The binaries are officially provided, so download them from the link below (as of January 2021, 1.9.7 is the latest).
https://download.newrelic.com/infrastructure_agent/binaries/linux/
mkdir ~/newrelic-infra-setup
cd ~/newrelic-infra-setup
wget https://download.newrelic.com/infrastructure_agent/binaries/linux/arm64/newrelic-infra_linux_1.9.7_arm64.tar.gz
tar -zxvf newrelic-infra_linux_1.9.7_arm64.tar.gz
Next, clone the newrelic/infrastructure-agent GitHub repository.
git clone https://github.com/newrelic/infrastructure-agent.git
For how to build the Docker image, refer to This page. First, copy the downloaded binary to the specified folder.
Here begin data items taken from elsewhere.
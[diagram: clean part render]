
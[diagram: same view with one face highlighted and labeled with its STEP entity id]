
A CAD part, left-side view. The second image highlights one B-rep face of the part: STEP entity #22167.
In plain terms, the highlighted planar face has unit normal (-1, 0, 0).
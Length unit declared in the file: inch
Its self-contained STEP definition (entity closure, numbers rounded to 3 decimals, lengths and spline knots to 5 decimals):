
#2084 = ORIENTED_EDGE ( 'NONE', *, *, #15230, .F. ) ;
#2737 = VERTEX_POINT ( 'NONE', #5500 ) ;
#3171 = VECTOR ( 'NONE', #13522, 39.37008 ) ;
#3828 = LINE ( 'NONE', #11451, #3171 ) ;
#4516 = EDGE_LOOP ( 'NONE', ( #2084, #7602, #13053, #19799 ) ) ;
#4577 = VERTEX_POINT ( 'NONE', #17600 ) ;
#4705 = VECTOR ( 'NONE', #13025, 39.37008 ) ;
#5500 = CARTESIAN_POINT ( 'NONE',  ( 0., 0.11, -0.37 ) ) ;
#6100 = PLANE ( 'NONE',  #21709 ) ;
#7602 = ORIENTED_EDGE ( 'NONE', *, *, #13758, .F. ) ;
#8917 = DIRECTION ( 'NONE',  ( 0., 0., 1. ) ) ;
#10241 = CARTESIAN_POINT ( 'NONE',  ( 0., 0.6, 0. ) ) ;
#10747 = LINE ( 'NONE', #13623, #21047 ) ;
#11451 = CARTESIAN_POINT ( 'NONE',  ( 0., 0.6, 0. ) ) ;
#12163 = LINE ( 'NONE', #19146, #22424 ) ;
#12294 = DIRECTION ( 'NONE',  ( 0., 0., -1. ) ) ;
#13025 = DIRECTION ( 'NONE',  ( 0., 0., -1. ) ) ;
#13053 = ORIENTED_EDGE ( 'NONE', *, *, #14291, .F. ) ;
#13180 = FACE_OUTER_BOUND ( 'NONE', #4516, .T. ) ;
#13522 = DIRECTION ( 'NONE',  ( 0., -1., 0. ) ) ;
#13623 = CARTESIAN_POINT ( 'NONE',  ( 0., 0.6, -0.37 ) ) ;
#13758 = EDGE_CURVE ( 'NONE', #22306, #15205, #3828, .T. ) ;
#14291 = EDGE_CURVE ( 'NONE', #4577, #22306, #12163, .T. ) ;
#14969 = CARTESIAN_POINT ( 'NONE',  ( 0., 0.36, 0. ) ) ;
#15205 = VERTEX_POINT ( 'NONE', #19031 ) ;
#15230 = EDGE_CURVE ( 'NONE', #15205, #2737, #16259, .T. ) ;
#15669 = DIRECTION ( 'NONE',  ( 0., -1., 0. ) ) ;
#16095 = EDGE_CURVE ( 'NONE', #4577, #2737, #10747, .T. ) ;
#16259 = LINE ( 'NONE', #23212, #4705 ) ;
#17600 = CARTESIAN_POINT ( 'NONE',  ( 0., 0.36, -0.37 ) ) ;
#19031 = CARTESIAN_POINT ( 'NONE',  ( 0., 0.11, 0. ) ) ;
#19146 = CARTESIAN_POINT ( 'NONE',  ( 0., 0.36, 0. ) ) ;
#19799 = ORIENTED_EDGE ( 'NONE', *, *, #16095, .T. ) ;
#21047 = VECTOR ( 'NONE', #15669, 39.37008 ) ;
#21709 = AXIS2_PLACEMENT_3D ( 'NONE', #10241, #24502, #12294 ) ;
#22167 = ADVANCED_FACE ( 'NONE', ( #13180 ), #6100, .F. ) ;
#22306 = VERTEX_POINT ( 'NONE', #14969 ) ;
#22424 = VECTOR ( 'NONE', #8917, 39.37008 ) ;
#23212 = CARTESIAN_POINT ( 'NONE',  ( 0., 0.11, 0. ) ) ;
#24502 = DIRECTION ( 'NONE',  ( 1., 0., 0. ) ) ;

Putting the arm64 binary in linux_amd64
is also a thing, but that is through.
mkdir -p infrastructure-agent/target/bin/linux_amd64
cp newrelic-infra/usr/bin/* infrastructure-agent/target/bin/linux_amd64/
cd infrastructure-agent/build/container
export IMAGE_VERSION=1.0 #Appropriately. 0 if not specified.Become 0
make build/base
Now that the Docker image is generated, set up the container in the same procedure as x86-64. Follow the steps on this page (https://docs.newrelic.com/docs/infrastructure/install-infrastructure-agent/linux-installation/docker-container-infrastructure-monitoring).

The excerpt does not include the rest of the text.